__What the exercise asks__. A partial copy is required: transcribe exactly the lines from the one containing "Commit message: add ferrite" through the last line below, without any pictures.

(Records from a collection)
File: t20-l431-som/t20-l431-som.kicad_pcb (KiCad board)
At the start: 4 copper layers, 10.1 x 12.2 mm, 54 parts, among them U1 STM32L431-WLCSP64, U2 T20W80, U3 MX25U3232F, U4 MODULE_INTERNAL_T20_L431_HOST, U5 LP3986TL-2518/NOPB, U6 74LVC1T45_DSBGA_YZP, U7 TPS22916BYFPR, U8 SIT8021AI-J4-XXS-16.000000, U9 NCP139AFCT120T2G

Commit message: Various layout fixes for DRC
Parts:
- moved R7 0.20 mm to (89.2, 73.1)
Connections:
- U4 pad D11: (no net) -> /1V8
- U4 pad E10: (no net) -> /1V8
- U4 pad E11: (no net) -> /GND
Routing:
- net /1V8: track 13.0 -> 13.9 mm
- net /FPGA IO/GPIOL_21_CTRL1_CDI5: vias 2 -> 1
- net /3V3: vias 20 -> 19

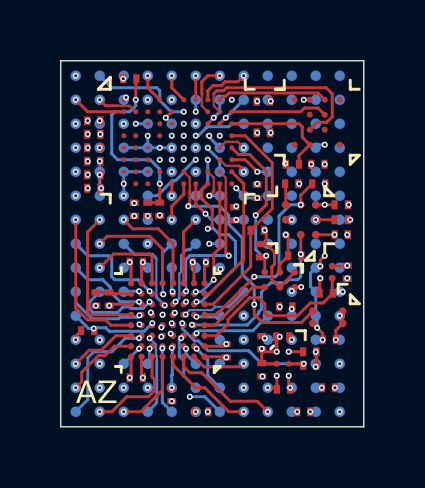
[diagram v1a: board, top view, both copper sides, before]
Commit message: T20/L431 SoM: added power/ground connections to all remaining NC lands
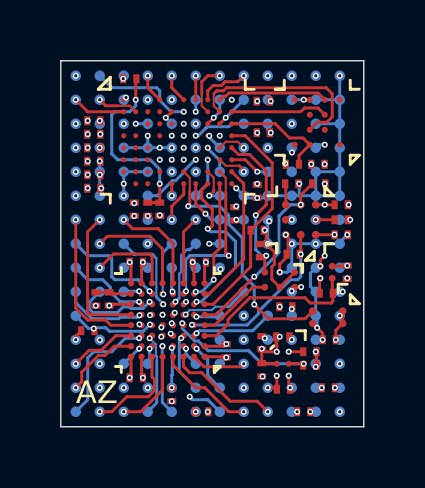
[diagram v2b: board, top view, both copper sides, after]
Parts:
- moved R2 0.07 mm to (90.3, 73.2)
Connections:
- U4 pad A10: (no net) -> /GND
- U4 pad A11: (no net) -> /GND
- U4 pad A12: (no net) -> /GND
- U4 pad A9: (no net) -> /GND
- U4 pad B10: (no net) -> /GND
- U4 pad B11: (no net) -> /GND
- U4 pad B12: (no net) -> /GND
- U4 pad C10: (no net) -> /3V3_FPGA
- U4 pad C11: (no net) -> /GND
- U4 pad C12: (no net) -> /GND
- U4 pad D10: (no net) -> /GND
- U4 pad D12: (no net) -> /GND
- U4 pad D9: (no net) -> /GND
- U4 pad E12: (no net) -> /GND
- U4 pad F10: (no net) -> /GND
- U4 pad F11: (no net) -> /GND
- U4 pad F12: (no net) -> /GND
- U4 pad F9: (no net) -> /GND
- U4 pad G9: (no net) -> /1V8
- U4 pad H10: (no net) -> /GND
- U4 pad H11: (no net) -> /GND
- U4 pad H12: (no net) -> /GND
- U4 pad H9: (no net) -> /1V8
- U4 pad J10: (no net) -> /GND
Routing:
- net /GND: track 84.0 -> 103.1 mm, vias 61 -> 70
- net /1V8: track 13.9 -> 14.9 mm, vias 7 -> 9
- net /3V3_FPGA: track 19.6 -> 19.9 mm, vias 10 -> 11

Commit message: Final design ready to order
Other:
- rule pad_to_mask_clearance: 0 -> 0.05
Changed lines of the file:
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@@
 			(dielectric_constraints no)
 		)
-		(pad_to_mask_clearance 0)
+		(pad_to_mask_clearance 0.05)
 		(allow_soldermask_bridges_in_footprints no)
 		(tenting front back)
@@
 	)
 	(segment
-		(start 83.67543 75.191423)
-		(end 84.493627 75.191423)
-		(width 0.1)
-		(layer "B.Cu")
-		(net 96)
-	)
-	(segment
-		(start 84.949999 75.059025)
-		(end 85.336235 75.059025)
-		(width 0.1)
-		(layer "B.Cu")
-		(net 96)
-	)
-	(segment
-		(start 84.493627 75.191423)
-		(end 84.676024 75.009026)
+		(start 83.543629 75.059622)
+		(end 83.543629 74.856371)
 		(width 0.1)
 		(layer "B.Cu")
@@
 	)
 	(segment
-		(start 83.543629 74.856371)
-		(end 83.543629 75.059622)
+		(start 85.336235 75.059025)
+		(end 84.626025 75.059025)
 		(width 0.1)
 		(layer "B.Cu")
@@
 	)
 	(segment
-		(start 84.9 75.009026)
-		(end 84.949999 75.059025)
+		(start 85.561233 74.834025)
+		(end 85.336235 75.059025)
 		(width 0.1)
 		(layer "B.Cu")
@@
 	)
 	(segment
-		(start 83.543629 75.059622)
+		(start 84.493627 75.191423)
 		(end 83.67543 75.191423)
 		(width 0.1)
@@
 	)
 	(segment
-		(start 85.336235 75.059025)
-		(end 85.561233 74.834025)
+		(start 84.626025 75.059025)
+		(end 84.493627 75.191423)
 		(width 0.1)
 		(layer "B.Cu")
@@
 	)
 	(segment
-		(start 84.676024 75.009026)
-		(end 84.9 75.009026)
+		(start 83.543629 74.856371)
+		(end 83.9 74.5)
 		(width 0.1)
 		(layer "B.Cu")
@@
 	)
 	(segment
-		(start 83.9 74.5)
-		(end 83.543629 74.856371)
+		(start 83.67543 75.191423)
+		(end 83.543629 75.059622)
 		(width 0.1)
 		(layer "B.Cu")

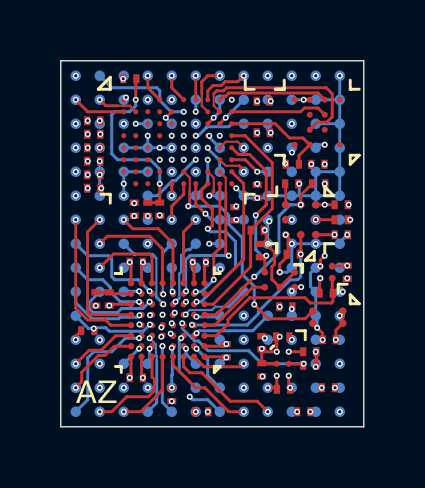
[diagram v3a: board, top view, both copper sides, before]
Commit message: Updated T20-L431 with HDI stackup and hopefully more JLC-friendly drills
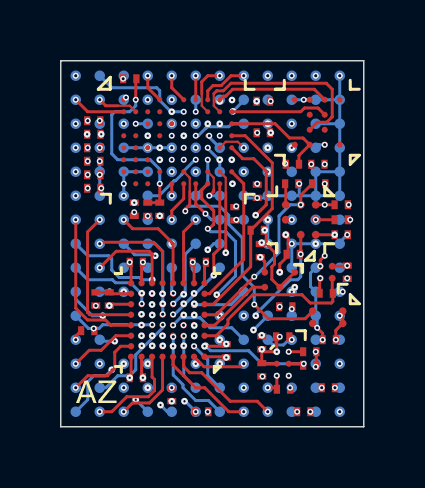
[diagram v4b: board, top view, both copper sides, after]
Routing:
- net /CROSS_SPI_CS_N: track 5.59 -> 4.80 mm
- net /PA2: track 3.04 -> 2.30 mm, vias 1 -> 3
- net /3V3: track 40.5 -> 41.3 mm, vias 19 -> 24
- net /1V8: track 14.9 -> 15.6 mm, vias 9 -> 12
- net /GND: track 103.1 -> 103.7 mm, vias 70 -> 81
- net /3V3_FPGA: track 19.9 -> 20.4 mm, vias 11 -> 12
- net /MCU_BOOT0: track 3.71 -> 3.21 mm, vias 2 -> 4
- net /PC5: track 2.73 -> 2.24 mm, vias 2 -> 1
- net /Power/1V2: track 24.9 -> 25.2 mm, vias 16 -> 17
- net /PB5: track 3.70 -> 3.45 mm, vias 2 -> 1
- net /PC15: track 4.06 -> 3.82 mm, vias 1 -> 3
- net /2V5_EN: track 5.93 -> 5.71 mm, vias 2 -> 4
- net /CROSS_SPI_MOSI: track 5.68 -> 5.89 mm, vias 2 -> 4
- net /PC8: track 3.20 -> 3.01 mm, vias 2 -> 3
- net /FPGA IO/GPIOL_46: track 0.57 -> 0.40 mm, vias 1 -> 3
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- added copper zone on In2.Cu, net /GND
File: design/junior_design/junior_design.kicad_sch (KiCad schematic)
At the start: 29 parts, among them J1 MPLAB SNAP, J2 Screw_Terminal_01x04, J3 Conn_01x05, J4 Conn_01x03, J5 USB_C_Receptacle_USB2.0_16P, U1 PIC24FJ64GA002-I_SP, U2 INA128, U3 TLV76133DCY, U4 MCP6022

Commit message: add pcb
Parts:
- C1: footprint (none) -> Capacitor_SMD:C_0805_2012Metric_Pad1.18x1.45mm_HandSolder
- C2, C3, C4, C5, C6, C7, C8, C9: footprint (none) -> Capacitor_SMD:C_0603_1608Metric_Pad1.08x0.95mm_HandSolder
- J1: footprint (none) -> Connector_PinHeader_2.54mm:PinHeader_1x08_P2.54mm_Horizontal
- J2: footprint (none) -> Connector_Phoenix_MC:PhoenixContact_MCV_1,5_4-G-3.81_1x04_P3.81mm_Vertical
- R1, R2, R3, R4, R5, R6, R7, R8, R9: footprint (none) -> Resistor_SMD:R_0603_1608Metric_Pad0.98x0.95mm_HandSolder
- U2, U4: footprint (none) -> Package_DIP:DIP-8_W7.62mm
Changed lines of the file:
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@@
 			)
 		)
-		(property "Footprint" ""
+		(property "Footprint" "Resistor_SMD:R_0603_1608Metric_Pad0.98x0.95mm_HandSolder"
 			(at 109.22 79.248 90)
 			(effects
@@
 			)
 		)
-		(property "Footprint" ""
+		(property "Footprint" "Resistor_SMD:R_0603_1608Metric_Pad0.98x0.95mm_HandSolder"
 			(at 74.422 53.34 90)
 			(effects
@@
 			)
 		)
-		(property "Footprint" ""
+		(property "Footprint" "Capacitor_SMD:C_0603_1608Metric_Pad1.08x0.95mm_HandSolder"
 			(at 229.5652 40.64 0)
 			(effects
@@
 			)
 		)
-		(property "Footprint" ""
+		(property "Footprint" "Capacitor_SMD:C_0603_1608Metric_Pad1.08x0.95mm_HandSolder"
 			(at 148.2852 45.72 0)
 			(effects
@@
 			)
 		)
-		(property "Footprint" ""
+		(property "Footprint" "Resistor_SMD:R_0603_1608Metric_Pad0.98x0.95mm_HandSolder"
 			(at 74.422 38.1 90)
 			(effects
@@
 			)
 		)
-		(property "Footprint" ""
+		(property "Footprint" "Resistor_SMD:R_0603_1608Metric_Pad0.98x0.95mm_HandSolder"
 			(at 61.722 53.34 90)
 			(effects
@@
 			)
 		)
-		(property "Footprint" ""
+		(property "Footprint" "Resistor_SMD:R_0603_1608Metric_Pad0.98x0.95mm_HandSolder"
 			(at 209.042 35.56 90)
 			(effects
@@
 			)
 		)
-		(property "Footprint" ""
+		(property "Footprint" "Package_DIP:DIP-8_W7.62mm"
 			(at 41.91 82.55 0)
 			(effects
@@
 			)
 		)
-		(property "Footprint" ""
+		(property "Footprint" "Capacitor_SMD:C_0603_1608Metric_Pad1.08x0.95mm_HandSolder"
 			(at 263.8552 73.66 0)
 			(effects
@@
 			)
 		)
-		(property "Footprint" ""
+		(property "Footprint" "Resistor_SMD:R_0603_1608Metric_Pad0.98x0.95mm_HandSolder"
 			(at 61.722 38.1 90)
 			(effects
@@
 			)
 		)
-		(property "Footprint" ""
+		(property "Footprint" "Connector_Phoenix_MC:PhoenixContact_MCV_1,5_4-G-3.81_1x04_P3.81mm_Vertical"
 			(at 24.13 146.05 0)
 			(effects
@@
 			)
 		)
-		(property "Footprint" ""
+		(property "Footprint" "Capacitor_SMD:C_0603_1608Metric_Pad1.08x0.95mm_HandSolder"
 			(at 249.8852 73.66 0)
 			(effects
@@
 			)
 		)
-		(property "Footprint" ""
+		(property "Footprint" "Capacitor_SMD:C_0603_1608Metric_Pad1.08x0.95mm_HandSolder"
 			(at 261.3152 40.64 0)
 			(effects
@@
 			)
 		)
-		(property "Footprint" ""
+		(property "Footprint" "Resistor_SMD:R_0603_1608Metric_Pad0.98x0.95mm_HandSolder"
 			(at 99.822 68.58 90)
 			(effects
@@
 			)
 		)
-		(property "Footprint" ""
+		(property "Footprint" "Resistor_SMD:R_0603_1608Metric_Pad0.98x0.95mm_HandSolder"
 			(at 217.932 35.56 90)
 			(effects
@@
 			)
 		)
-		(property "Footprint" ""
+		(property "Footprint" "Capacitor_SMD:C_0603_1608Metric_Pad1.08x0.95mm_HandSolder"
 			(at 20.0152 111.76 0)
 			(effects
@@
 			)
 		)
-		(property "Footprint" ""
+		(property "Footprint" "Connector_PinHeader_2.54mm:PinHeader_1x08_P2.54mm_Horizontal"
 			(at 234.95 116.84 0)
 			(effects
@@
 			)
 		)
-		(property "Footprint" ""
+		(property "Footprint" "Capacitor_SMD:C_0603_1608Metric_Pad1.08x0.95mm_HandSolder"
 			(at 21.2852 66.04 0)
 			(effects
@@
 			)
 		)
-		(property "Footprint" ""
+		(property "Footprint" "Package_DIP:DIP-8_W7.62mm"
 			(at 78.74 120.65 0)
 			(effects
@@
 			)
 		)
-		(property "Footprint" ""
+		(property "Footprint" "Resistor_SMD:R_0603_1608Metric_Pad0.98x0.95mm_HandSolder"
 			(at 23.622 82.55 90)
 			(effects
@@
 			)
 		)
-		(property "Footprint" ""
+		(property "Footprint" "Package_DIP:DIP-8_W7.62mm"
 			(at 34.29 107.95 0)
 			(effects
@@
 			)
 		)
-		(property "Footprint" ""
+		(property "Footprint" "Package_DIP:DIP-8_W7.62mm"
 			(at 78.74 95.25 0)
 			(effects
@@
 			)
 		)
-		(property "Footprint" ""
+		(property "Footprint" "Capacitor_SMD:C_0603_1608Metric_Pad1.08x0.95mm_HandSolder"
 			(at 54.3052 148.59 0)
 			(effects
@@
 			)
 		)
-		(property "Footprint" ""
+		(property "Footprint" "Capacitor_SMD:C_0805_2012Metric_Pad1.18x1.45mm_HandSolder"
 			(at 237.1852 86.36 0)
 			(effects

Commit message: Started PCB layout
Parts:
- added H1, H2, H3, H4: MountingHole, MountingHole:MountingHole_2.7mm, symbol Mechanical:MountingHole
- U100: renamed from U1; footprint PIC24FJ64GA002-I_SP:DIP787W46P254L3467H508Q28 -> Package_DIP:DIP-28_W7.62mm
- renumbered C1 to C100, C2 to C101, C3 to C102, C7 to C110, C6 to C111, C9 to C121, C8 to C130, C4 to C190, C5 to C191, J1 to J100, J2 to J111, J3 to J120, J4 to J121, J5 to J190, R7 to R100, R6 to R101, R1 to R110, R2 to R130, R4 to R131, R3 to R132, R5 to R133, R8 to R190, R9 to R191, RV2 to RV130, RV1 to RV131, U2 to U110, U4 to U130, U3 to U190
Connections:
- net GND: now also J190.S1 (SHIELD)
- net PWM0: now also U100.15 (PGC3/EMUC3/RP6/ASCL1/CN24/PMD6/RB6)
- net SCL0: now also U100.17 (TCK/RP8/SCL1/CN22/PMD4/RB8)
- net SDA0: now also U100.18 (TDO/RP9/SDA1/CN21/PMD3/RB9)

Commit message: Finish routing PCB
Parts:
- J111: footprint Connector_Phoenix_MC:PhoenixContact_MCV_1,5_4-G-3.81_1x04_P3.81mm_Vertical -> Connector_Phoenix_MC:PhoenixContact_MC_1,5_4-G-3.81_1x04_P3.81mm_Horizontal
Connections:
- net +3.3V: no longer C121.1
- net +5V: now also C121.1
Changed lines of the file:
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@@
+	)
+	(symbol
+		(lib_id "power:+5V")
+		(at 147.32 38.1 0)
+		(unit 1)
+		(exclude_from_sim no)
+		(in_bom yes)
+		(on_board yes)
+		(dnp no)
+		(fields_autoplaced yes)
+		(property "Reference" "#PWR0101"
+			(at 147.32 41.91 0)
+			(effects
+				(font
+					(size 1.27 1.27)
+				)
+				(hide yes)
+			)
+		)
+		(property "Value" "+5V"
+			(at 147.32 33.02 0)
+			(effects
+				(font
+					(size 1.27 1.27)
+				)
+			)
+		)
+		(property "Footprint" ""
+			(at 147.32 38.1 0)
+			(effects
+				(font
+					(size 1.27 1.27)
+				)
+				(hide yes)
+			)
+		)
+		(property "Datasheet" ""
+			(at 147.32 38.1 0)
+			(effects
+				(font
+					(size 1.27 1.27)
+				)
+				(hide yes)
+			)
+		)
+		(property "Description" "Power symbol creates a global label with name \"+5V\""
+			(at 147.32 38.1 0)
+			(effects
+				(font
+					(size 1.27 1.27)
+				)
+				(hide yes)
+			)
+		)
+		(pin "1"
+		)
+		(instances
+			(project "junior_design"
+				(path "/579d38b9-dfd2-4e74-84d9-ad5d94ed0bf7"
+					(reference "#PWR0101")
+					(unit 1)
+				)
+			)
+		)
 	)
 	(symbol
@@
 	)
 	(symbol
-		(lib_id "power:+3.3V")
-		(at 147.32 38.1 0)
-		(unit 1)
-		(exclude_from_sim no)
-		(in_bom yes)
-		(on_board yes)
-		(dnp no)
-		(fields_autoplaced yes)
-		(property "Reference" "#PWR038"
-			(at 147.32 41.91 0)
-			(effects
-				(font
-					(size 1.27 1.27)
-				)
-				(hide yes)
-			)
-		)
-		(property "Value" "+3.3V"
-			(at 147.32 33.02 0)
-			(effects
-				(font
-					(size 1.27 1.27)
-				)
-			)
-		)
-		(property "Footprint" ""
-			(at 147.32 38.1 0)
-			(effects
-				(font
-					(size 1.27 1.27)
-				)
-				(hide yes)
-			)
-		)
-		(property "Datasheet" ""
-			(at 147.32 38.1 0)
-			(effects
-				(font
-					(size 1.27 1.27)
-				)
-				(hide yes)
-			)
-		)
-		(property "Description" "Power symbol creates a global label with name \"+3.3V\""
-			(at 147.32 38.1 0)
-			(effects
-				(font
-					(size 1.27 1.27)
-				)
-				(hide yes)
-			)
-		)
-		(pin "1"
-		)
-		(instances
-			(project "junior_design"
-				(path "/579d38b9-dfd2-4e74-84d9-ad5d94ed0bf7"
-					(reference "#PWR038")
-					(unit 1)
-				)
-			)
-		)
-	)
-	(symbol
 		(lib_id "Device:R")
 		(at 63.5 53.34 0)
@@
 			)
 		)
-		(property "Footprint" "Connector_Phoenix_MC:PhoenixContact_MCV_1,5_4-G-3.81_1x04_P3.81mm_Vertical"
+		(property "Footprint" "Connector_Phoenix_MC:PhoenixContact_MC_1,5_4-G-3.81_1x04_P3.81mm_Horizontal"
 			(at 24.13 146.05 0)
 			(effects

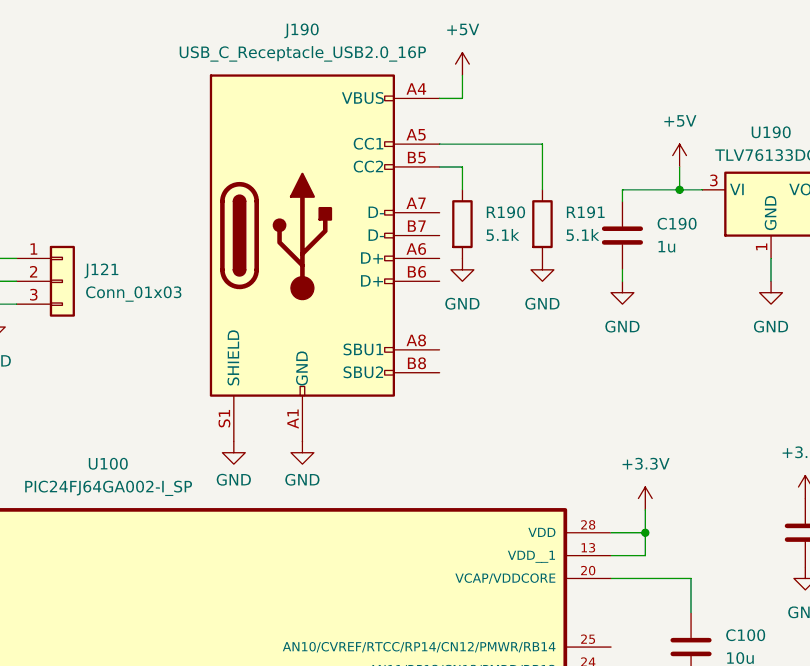
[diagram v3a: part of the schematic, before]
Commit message: add ferrite beads to usb-c port
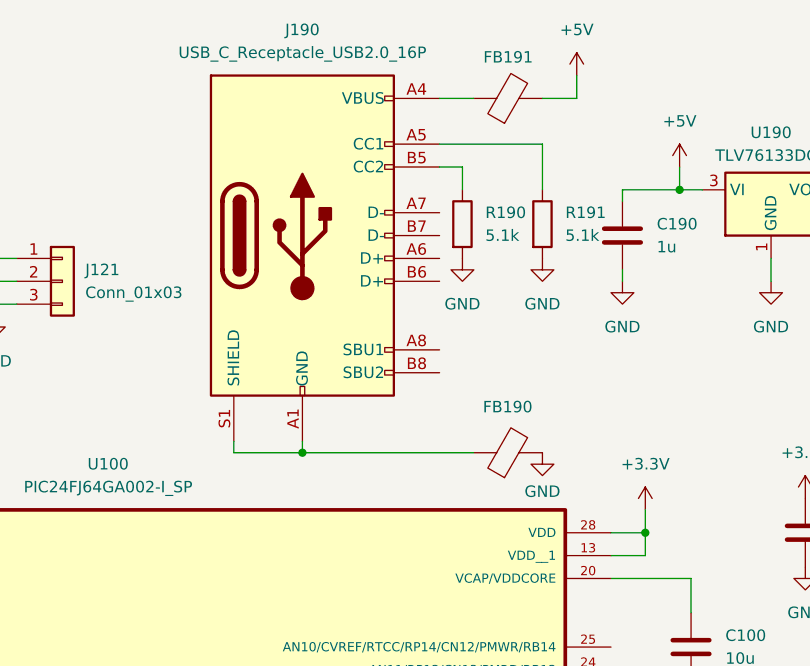
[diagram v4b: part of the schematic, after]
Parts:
- added FB190, FB191: FerriteBead, Inductor_SMD:L_0603_1608Metric_Pad1.05x0.95mm_HandSolder, symbol Device:FerriteBead
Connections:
- net +5V: now also FB191.2; no longer J190.A4 (VBUS), J190.A9 (VBUS), J190.B4 (VBUS), J190.B9 (VBUS)
- net GND: now also FB190.2; no longer J190.A1 (GND), J190.A12 (GND), J190.B1 (GND), J190.B12 (GND), J190.S1 (SHIELD)
- new net: FB190.1, J190.A1 (GND), J190.A12 (GND), J190.B1 (GND), J190.B12 (GND), J190.S1 (SHIELD)
- new net: FB191.1, J190.A4 (VBUS), J190.A9 (VBUS), J190.B4 (VBUS), J190.B9 (VBUS)

__Written answer__.
Commit message: add ferrite beads to usb-c port
[diagram v4b: part of the schematic, after]
Parts:
- added FB190, FB191: FerriteBead, Inductor_SMD:L_0603_1608Metric_Pad1.05x0.95mm_HandSolder, symbol Device:FerriteBead
Connections:
- net +5V: now also FB191.2; no longer J190.A4 (VBUS), J190.A9 (VBUS), J190.B4 (VBUS), J190.B9 (VBUS)
- net GND: now also FB190.2; no longer J190.A1 (GND), J190.A12 (GND), J190.B1 (GND), J190.B12 (GND), J190.S1 (SHIELD)
- new net: FB190.1, J190.A1 (GND), J190.A12 (GND), J190.B1 (GND), J190.B12 (GND), J190.S1 (SHIELD)
- new net: FB191.1, J190.A4 (VBUS), J190.A9 (VBUS), J190.B4 (VBUS), J190.B9 (VBUS)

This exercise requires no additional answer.